= TASK GOAL =
Could you return every line of the records below that contains the word "import"?

= EXERCISE INPUTS =
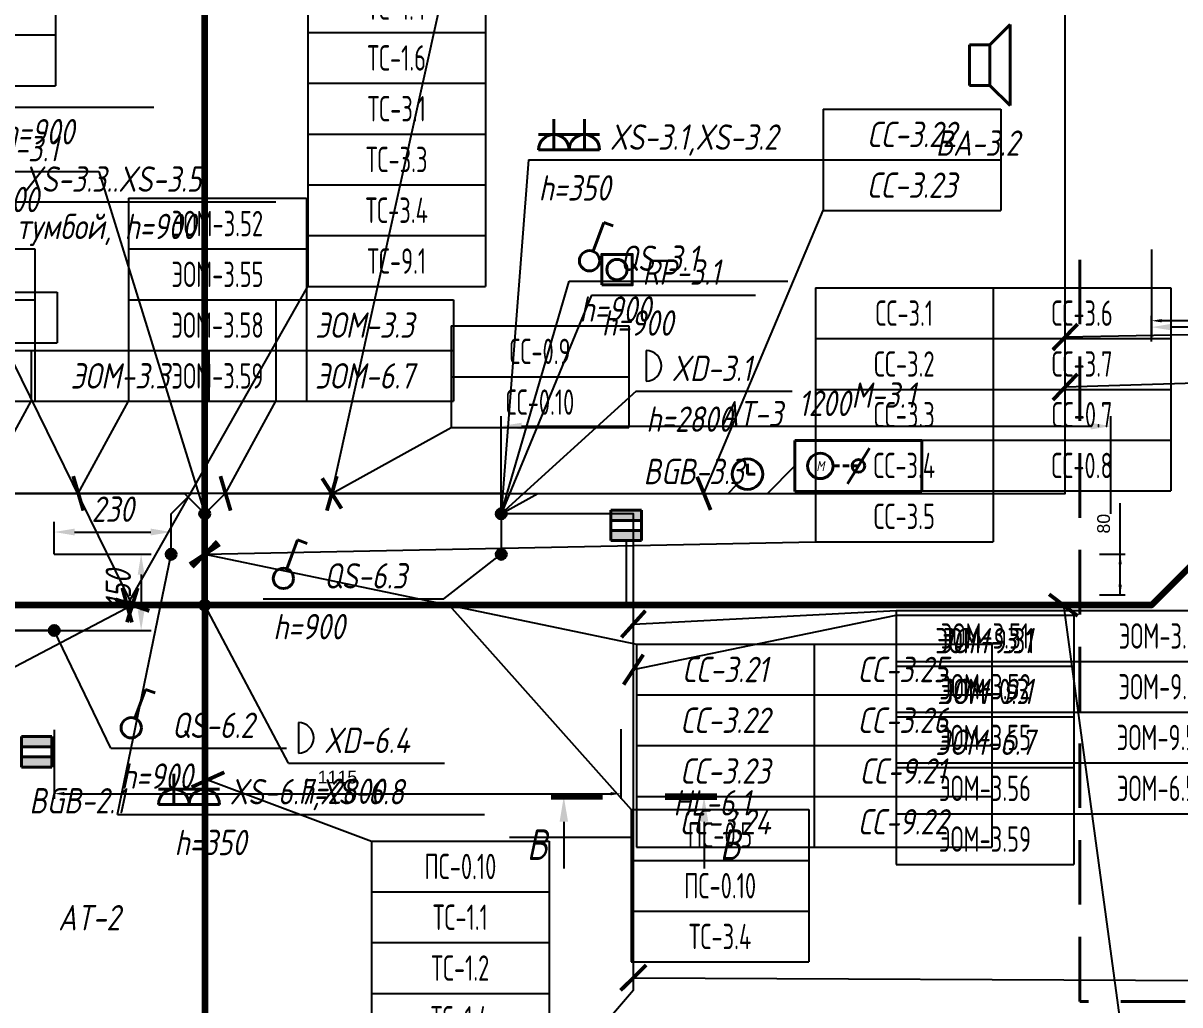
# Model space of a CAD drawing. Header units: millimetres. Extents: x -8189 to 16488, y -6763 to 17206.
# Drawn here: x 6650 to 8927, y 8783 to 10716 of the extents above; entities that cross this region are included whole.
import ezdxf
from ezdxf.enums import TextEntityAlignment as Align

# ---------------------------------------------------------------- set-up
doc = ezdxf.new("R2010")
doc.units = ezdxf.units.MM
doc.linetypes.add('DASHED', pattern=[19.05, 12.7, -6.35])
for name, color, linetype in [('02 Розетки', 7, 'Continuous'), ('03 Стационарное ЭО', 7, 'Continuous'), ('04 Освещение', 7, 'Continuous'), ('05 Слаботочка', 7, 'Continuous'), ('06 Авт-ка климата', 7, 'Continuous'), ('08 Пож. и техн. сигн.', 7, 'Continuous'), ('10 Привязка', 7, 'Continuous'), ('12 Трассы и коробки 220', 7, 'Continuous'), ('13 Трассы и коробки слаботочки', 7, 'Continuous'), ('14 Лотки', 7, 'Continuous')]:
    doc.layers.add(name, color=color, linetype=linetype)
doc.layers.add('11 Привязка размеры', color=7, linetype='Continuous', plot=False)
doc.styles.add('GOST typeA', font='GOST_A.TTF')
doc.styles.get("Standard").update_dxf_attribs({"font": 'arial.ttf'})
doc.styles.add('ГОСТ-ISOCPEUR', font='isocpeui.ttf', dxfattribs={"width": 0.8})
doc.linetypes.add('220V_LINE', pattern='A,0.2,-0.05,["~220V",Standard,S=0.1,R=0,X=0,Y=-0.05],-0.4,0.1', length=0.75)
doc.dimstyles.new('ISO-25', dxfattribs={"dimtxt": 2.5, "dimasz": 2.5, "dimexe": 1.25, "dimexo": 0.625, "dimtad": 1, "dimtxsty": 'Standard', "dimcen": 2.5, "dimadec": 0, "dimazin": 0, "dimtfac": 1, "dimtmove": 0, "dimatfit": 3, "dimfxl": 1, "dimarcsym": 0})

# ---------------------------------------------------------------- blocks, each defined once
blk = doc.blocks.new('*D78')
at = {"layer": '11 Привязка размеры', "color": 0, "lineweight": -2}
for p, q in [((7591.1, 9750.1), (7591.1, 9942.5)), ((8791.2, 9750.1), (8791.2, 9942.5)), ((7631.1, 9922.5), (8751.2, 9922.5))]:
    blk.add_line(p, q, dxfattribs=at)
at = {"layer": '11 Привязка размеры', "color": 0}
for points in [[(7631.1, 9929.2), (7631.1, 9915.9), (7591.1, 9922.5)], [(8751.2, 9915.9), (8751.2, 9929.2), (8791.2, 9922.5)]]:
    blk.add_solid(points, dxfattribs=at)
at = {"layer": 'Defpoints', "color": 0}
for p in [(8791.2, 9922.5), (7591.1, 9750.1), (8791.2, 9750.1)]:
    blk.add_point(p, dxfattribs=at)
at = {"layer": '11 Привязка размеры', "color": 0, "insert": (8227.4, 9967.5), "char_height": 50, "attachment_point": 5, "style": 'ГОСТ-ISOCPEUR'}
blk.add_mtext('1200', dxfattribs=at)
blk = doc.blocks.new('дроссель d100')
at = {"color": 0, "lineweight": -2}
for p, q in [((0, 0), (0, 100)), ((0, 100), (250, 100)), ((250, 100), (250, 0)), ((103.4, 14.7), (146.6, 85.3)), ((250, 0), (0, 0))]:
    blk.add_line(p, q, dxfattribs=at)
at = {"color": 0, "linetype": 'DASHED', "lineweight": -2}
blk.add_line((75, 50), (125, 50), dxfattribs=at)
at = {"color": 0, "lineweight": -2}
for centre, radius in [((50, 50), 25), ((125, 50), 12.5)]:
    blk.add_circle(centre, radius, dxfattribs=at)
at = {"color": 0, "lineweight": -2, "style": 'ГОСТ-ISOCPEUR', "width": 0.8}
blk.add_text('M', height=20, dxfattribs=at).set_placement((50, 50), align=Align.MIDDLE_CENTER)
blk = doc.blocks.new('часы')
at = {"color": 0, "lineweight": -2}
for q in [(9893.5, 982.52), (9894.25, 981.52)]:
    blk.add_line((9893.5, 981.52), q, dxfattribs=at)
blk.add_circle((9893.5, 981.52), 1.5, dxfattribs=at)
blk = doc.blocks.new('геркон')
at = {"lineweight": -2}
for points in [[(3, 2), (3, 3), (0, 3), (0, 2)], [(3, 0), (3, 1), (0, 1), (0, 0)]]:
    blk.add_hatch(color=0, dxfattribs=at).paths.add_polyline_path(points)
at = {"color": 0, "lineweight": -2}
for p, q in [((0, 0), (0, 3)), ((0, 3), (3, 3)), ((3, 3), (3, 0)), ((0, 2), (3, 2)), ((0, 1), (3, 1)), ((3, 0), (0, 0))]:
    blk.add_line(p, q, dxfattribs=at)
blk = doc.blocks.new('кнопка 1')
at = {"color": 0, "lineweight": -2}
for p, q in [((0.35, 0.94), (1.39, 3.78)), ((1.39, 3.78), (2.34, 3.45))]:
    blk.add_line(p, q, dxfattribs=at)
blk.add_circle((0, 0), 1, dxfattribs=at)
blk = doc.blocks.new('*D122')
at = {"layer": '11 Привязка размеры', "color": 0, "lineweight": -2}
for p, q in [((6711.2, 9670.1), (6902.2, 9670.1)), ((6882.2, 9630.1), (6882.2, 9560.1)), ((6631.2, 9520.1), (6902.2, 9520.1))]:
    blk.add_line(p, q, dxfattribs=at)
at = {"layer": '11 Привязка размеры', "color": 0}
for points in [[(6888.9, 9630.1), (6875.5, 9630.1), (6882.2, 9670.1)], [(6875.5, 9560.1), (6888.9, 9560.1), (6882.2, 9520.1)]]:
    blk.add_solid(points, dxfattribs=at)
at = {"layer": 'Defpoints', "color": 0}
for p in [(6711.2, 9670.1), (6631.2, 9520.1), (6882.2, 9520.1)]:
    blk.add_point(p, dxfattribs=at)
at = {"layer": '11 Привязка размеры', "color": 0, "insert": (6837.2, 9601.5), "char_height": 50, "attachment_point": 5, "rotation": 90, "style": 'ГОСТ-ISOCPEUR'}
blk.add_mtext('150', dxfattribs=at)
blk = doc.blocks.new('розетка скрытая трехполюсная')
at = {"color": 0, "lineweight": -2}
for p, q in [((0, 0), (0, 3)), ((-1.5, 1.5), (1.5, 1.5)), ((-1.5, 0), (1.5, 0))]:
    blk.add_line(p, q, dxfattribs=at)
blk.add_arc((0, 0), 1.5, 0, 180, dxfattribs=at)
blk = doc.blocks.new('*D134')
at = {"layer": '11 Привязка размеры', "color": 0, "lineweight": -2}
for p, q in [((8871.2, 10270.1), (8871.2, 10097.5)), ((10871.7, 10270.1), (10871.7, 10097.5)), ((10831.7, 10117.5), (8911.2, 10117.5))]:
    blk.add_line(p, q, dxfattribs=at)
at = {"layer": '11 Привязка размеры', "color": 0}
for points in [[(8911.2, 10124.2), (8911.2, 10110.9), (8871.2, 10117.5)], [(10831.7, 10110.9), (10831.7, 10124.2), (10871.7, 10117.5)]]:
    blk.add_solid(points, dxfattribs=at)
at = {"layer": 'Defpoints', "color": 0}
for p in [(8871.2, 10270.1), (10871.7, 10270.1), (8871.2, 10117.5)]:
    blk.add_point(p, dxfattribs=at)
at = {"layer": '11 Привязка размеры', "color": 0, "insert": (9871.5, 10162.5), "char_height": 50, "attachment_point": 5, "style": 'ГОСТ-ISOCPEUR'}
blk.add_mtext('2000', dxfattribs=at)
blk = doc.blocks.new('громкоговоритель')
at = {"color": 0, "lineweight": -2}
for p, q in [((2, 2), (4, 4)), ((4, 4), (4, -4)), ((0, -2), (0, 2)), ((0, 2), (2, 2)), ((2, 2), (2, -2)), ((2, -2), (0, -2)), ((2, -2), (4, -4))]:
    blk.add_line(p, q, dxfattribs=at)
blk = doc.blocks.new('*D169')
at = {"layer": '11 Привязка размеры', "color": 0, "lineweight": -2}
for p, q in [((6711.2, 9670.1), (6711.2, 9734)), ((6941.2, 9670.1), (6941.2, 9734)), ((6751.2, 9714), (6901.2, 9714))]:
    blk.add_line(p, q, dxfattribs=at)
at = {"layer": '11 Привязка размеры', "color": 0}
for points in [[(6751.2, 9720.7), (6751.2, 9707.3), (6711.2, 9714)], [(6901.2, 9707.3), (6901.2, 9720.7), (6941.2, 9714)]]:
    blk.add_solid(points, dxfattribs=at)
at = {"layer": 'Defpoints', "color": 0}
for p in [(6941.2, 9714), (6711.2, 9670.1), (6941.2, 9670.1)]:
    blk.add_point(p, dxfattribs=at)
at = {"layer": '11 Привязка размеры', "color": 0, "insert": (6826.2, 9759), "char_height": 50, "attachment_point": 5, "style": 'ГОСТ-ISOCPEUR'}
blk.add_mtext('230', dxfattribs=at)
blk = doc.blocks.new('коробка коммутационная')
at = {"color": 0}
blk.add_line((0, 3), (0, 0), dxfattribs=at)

= PROBLEM SOLUTION =
import ezdxf
from ezdxf.enums import TextEntityAlignment as Align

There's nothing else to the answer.